The last week saw two celebrity suicides - not one, two. And
who! Two extremely popular, successful, accomplished people, revered in their
own fields. Kate Spade, the woman who launched the line of bags which every
woman had to own one of at least. Anthony Bourdain who gave wanderlusting new
meaning - who inspired people to travel and discover local gems that the world
has to offer. They had money, love, respect and adulation from even people who
did not know them well enough. Yet, in an empty hotel room, in different parts
of the world, few days apart, they both hung themselves to death. But,they had
everything. That's what the news articles say - They had everything, then why?
It shook me to imagine what they must've felt - when they
tied that belt/scarf to end it. What must've been going on in their minds in
those last few moments. How irrelevant and inconsequential everything they had
earned or achieved must've been. And how an emptiness and a meaningless
blankness must've taken over. But, could someone have stopped them? Could
someone have changed the music and cheered them up that day? They had people
they loved - one phone call, one conversation, could it have helped?
But, they didn't reach out. It is so scary - because whether or not you can call it depression, we all
have moments of abject pain and sorrow, where sometimes nothing matters. That's
where bad decisions of slitting wrists, running away from home and giving up on
life come along. I know I've had many a moment like that while growing up, I
still have them sometimes when nothing seems to matter. These are the bad
moments when you feel unloved, but also incapable of loving. Where you feel
alone, but are unable to reach out to someone. Where you're sinking, but you
don't have the drive to grab a hook. But it always passed, someone or the other
knowingly or unknowingly staged a rescue. Friends made normal but helpful
conversations, forced ice-cream outings (when that was all we could afford as
students!), just sat and partook in that hour long stare at the tree in college
if that's what it was going to take for this to pass.
It is possible there's many of us who don't reach out even
today - We wouldn't even know that someone is hurting to a point of destruction
unless it hits us in the face. Because we're busy sorting out our own lives.
And because we don't believe it can happen to someone we know. Forget Kate
Spade and Anthony, think about the people you know. That friend who works 9-5,
complains of the traffic, gulps down 6 cups of coffee with you at the pantry
and makes office jokes, who watches some netflix before turning in, who goes on
vacation every few months and lives an enviable life on social media. We cannot
process that this person could be sad about anything - forget, have suicidal
thoughts or be mentally disturbed. If they cry, we may pass it off as an
outburst or a vent, nothing else. Who realizes that the afterthought lingers on
in their minds for days at end. And it only gets worse. People very conveniently
say "This movie is depressing". "I feel depressed today".
"The environment here is so depressing". Maybe they mean it, but
people use that word so loosely nowadays, you cannot tell the difference
anymore if something is truly depressing or merely and temporarily upsetting.

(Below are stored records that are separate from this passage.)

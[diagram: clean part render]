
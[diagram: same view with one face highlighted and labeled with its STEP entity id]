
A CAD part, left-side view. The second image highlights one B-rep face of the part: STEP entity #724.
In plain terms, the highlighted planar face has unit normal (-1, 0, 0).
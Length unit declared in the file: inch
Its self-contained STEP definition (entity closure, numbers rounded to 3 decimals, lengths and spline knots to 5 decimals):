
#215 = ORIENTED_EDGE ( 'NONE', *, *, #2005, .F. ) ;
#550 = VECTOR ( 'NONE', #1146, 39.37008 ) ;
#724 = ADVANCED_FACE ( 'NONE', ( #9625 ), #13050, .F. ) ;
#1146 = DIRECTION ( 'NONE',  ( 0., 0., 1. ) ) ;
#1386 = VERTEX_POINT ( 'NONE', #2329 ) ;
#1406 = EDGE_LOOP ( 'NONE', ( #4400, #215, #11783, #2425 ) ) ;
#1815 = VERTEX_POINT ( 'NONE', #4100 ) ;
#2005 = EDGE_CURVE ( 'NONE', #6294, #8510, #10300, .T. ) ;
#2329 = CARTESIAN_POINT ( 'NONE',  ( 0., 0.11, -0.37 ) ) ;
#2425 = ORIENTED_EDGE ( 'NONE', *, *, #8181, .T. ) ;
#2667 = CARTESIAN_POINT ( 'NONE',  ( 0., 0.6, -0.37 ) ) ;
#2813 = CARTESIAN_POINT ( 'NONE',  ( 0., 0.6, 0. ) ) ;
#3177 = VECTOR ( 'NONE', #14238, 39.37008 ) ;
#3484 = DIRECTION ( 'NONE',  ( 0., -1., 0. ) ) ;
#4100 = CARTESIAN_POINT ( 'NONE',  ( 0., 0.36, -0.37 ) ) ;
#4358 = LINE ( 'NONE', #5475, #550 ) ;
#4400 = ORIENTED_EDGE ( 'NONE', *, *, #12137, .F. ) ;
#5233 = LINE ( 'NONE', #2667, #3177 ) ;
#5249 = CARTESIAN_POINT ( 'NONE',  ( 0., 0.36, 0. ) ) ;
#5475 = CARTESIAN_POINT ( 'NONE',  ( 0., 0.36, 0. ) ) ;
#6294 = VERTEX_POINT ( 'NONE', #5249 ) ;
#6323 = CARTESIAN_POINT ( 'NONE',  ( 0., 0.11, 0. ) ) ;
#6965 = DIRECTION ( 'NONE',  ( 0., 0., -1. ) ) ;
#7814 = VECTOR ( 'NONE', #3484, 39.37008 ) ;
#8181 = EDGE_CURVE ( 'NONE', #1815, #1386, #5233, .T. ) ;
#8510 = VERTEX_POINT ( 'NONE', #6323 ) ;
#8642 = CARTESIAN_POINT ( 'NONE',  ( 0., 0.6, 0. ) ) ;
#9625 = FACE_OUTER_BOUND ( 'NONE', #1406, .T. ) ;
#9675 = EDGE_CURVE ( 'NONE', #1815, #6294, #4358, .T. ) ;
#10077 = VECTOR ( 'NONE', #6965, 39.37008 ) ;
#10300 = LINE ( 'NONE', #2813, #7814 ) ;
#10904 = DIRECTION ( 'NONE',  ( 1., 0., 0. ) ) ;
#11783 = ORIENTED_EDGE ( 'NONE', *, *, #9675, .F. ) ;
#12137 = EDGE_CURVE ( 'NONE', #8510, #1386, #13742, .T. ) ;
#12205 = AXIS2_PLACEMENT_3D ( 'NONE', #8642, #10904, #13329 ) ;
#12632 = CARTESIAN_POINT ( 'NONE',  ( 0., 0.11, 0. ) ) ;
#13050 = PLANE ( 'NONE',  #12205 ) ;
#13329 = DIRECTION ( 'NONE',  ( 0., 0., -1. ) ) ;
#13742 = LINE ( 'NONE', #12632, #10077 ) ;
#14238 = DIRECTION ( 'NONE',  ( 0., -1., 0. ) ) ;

Every bad conversation, every heartless exchange, every
family drama, every hypocritical or deprecating comment, takes a toll. And some have been battling demons since we were teenagers. Think about the pile-up! The media sometimes makes it worse - Sensationalizing suicide glorifies it sometimes, rather than discourage it. Imagine someone with a bottle of sleeping pills reading these articles, it will push them over the edge. Did Kate Spade's news push Bourdain over the edge, we'll never know.
Everyone's not strong enough to always bounce back and always find the silver
lining. And I suppose the only thing we can do is be around for someone who's
having trouble bouncing back. We can take note of the disturbing signs and if
nothing, just be there. Remind that loved one or even colleague you care about
that they're stronger and bigger than this. They are valued and precious in the
current moment. All these whatsapp forwards and quotations are not going to
help, getting up and giving them a hug is what will. I do try my best, because
I know people who've done it for me and who still do it - I will listen. I will
listen better, more carefully, to what is said and unsaid by the people I love.
Because if celebrity deaths shock us this much, be rest assured that a loved one giving
up is going to rip us apart. And if you don't know what to do or it seems out of control, call for help, reach out to a helpline. The last thing you want to live with is regretting not making that phone call earlier.